◆ DATA FOR PROCESSING ◆
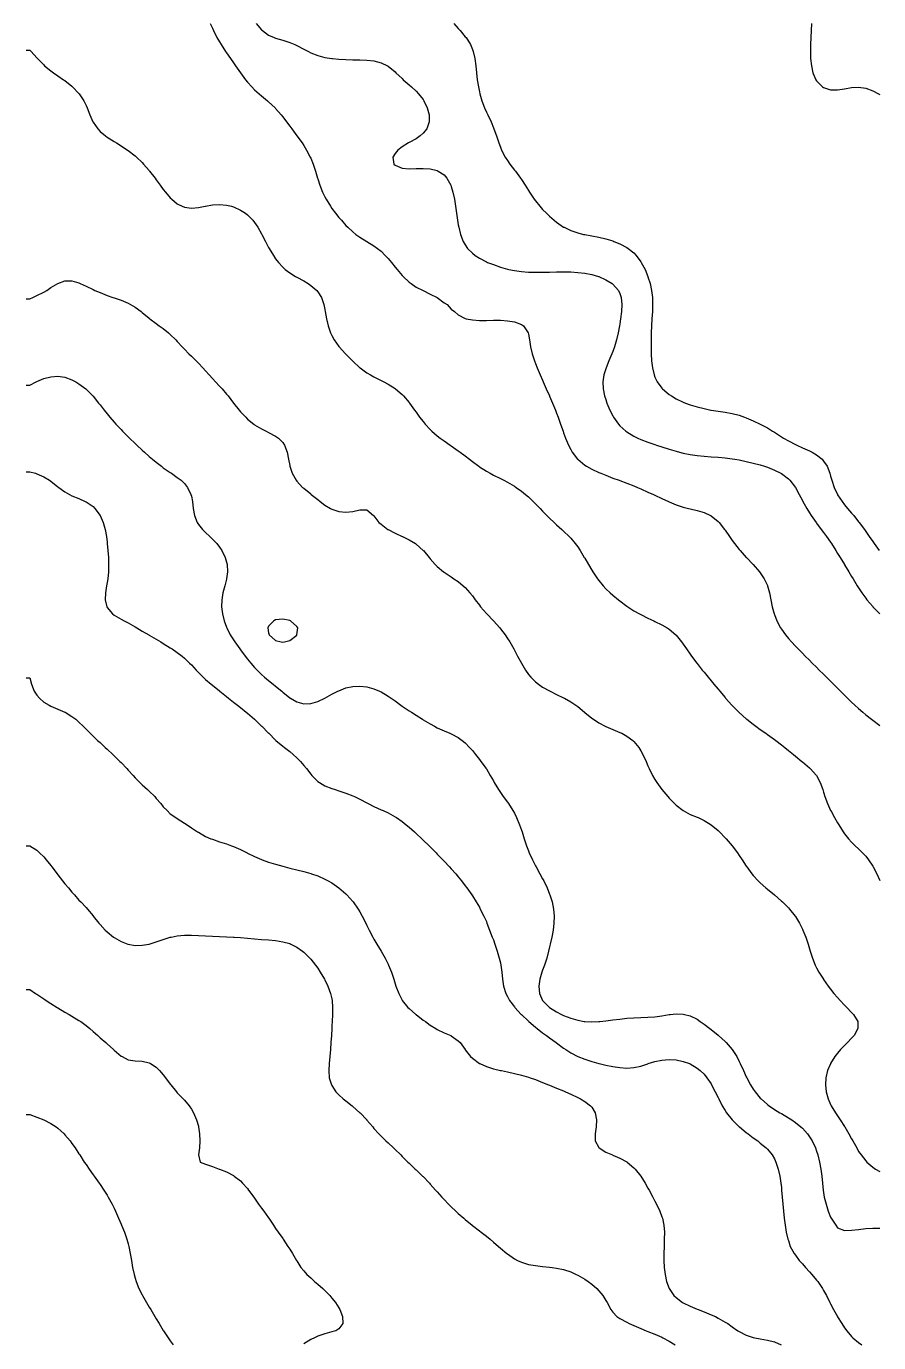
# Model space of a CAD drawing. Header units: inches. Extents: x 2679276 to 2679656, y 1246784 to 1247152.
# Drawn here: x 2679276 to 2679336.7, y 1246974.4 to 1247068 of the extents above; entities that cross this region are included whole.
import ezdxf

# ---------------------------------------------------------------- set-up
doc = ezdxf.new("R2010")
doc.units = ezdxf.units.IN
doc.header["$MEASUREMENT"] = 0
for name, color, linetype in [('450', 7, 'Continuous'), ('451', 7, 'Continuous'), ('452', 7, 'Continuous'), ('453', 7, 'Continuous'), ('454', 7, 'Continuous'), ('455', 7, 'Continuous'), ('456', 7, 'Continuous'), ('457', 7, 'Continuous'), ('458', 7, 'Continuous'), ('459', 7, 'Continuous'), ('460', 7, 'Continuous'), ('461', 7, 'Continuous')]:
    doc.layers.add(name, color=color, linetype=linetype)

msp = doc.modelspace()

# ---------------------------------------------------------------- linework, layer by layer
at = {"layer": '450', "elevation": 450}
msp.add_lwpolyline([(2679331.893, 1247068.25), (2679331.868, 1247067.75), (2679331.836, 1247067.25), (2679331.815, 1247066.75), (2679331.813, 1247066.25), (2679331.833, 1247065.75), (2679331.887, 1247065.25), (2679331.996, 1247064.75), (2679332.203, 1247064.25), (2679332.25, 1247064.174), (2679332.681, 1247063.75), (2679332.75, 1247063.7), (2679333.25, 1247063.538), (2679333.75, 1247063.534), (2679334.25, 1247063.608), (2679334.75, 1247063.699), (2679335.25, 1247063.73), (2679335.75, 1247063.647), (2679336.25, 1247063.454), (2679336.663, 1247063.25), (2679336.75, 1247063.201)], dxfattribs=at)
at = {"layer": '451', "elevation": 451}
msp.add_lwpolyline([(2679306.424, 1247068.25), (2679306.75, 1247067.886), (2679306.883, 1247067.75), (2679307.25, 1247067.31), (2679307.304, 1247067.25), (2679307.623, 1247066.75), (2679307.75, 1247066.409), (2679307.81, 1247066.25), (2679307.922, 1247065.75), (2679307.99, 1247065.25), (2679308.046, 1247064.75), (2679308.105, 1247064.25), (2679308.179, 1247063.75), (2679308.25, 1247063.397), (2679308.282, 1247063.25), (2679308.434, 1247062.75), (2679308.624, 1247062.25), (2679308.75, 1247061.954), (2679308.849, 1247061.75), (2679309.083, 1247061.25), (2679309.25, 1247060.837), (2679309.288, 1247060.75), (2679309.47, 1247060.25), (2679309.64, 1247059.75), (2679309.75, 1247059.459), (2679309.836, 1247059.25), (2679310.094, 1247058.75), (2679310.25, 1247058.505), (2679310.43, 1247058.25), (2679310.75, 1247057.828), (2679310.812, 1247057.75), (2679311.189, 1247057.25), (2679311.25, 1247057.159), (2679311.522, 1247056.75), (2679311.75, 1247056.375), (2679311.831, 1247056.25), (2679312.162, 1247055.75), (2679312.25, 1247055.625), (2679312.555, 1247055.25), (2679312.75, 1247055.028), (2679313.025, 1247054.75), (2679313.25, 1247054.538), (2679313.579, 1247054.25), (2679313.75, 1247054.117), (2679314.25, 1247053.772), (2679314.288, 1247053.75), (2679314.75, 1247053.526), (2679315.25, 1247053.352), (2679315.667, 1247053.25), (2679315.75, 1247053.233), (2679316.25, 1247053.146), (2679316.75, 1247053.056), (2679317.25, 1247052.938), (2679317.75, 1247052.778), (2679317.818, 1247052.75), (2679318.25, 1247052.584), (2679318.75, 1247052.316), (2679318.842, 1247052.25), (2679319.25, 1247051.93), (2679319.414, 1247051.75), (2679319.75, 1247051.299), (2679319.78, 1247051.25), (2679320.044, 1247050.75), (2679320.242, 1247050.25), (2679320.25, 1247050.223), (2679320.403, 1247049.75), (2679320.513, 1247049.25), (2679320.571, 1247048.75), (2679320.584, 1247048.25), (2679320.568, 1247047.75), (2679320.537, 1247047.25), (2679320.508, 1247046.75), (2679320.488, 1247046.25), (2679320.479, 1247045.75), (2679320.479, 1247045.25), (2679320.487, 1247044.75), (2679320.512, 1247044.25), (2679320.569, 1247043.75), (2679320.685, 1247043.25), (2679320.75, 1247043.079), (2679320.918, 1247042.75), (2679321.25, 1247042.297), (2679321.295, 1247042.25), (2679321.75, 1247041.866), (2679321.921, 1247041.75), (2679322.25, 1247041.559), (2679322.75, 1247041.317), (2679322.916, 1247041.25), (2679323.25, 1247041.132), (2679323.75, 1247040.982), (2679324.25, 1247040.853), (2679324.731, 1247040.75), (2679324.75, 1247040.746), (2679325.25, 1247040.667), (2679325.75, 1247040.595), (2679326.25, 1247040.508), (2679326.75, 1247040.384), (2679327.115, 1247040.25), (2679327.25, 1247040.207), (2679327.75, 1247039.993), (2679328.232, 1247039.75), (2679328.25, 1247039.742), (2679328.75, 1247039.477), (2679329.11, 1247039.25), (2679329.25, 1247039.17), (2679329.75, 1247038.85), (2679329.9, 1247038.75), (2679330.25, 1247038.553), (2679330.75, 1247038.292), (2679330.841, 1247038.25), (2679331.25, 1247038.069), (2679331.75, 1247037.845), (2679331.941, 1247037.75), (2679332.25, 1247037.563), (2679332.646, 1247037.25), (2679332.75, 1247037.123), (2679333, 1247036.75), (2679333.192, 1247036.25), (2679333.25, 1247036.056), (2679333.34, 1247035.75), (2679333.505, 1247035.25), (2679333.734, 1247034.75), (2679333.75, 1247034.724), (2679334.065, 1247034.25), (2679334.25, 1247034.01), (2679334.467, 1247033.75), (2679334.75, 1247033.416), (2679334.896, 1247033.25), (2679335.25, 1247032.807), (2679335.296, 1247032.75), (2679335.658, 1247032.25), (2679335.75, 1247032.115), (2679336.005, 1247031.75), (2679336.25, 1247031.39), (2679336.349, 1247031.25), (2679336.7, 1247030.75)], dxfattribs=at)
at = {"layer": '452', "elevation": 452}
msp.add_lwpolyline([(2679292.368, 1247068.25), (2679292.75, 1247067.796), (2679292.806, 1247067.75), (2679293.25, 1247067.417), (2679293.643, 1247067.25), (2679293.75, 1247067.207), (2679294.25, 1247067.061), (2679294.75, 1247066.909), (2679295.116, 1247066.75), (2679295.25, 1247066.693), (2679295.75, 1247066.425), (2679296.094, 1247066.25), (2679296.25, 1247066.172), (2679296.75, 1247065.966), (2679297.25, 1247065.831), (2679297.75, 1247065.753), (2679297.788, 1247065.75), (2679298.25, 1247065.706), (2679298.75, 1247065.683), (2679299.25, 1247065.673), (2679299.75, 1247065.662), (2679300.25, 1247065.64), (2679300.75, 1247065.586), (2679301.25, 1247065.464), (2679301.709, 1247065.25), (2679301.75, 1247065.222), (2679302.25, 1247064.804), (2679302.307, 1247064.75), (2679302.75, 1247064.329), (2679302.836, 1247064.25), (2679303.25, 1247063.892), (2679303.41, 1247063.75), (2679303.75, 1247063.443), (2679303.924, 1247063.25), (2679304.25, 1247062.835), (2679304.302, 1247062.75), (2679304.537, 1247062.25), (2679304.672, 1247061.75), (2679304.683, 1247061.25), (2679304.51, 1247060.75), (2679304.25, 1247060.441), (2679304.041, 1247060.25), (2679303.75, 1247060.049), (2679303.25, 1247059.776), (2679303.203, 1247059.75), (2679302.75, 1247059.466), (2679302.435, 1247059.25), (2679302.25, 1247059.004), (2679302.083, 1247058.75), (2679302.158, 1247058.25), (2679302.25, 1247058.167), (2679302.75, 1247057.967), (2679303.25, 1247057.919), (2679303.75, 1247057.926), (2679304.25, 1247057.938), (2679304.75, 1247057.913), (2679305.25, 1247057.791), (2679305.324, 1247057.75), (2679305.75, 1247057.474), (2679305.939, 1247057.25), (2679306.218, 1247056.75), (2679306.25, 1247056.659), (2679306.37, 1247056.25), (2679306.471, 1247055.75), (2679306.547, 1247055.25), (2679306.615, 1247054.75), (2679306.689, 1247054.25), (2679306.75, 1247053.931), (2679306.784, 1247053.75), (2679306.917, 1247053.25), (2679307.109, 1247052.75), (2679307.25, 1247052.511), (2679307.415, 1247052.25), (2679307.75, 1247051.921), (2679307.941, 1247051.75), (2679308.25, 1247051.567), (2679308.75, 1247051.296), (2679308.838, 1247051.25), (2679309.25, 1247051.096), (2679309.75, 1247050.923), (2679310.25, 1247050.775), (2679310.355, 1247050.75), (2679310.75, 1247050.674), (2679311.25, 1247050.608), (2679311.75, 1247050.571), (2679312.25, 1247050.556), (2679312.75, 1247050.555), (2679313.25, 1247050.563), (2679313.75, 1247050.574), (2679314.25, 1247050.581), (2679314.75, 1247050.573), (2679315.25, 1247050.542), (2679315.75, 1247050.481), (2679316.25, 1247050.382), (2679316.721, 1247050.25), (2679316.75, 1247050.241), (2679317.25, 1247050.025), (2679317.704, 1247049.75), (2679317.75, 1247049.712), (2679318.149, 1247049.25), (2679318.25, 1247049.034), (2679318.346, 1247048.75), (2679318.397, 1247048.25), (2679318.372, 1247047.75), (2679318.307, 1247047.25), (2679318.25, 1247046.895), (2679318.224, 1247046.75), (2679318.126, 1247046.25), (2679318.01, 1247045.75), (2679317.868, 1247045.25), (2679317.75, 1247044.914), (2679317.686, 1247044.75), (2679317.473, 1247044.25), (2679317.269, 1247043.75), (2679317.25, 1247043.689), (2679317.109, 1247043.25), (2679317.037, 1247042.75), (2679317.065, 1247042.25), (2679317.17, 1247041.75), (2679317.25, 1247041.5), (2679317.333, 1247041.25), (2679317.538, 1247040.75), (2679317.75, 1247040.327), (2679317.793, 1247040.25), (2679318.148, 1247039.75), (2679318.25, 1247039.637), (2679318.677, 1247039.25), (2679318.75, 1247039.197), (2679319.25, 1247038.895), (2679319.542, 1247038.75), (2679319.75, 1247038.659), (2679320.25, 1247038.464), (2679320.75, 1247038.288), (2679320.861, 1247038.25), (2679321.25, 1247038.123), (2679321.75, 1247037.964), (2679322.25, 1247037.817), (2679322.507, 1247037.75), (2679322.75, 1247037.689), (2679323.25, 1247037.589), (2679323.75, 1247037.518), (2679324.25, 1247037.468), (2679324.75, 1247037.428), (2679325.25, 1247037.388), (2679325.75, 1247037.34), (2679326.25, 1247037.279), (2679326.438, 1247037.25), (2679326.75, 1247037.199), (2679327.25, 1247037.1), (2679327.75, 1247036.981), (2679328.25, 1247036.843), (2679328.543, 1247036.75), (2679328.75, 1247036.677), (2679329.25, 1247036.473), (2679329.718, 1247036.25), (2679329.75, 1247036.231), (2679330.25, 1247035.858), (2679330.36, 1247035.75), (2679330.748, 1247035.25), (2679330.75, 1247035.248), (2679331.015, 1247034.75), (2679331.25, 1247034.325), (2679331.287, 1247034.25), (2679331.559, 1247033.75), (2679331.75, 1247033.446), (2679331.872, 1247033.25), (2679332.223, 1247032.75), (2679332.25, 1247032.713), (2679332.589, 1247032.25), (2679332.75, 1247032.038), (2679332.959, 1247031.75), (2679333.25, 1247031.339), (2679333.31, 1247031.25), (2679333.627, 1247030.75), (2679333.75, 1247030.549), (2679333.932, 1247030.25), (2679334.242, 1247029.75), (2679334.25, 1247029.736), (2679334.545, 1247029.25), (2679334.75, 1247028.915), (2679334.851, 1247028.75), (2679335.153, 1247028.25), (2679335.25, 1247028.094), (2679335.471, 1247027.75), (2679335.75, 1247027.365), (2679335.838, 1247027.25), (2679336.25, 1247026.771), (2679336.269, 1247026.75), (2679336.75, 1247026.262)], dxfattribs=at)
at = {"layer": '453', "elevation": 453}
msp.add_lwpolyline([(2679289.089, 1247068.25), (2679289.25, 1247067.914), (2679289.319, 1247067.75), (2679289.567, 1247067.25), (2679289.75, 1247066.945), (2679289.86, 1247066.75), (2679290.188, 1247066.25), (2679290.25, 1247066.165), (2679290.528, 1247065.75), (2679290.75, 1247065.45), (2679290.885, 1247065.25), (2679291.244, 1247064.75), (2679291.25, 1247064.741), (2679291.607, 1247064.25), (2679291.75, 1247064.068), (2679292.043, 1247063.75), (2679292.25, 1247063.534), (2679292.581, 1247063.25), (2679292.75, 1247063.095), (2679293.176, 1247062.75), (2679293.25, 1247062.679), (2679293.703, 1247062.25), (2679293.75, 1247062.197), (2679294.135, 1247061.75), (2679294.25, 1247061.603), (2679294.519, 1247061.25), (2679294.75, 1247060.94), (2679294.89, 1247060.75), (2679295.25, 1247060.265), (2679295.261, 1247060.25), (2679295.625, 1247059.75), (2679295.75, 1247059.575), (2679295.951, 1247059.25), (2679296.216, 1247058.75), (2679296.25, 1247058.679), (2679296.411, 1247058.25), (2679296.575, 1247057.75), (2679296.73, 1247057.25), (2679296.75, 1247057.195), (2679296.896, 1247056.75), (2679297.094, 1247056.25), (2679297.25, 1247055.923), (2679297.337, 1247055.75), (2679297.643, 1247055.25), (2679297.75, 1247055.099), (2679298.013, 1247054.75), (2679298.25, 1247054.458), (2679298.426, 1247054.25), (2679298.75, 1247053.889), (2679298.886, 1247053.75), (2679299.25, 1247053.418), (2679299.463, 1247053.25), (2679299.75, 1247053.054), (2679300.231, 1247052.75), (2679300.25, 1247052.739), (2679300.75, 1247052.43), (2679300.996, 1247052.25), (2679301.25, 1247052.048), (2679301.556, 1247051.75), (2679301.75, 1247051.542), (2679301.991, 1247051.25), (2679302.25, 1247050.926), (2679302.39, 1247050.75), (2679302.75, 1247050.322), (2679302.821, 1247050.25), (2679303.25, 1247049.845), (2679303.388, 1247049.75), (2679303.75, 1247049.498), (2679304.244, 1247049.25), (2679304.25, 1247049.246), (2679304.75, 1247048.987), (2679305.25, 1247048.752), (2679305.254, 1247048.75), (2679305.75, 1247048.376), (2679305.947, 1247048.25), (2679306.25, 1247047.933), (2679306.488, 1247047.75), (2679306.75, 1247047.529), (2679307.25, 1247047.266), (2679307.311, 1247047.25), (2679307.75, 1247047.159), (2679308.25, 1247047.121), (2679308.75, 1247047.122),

◆ PROBLEM DESCRIPTION ◆
Look through the entries above and find each line where the word "linetype" occurs; copy those lines.

◆ EXERCISE ANSWER ◆
for name, color, linetype in [('450', 7, 'Continuous'), ('451', 7, 'Continuous'), ('452', 7, 'Continuous'), ('453', 7, 'Continuous'), ('454', 7, 'Continuous'), ('455', 7, 'Continuous'), ('456', 7, 'Continuous'), ('457', 7, 'Continuous'), ('458', 7, 'Continuous'), ('459', 7, 'Continuous'), ('460', 7, 'Continuous'), ('461', 7, 'Continuous')]:
    doc.layers.add(name, color=color, linetype=linetype)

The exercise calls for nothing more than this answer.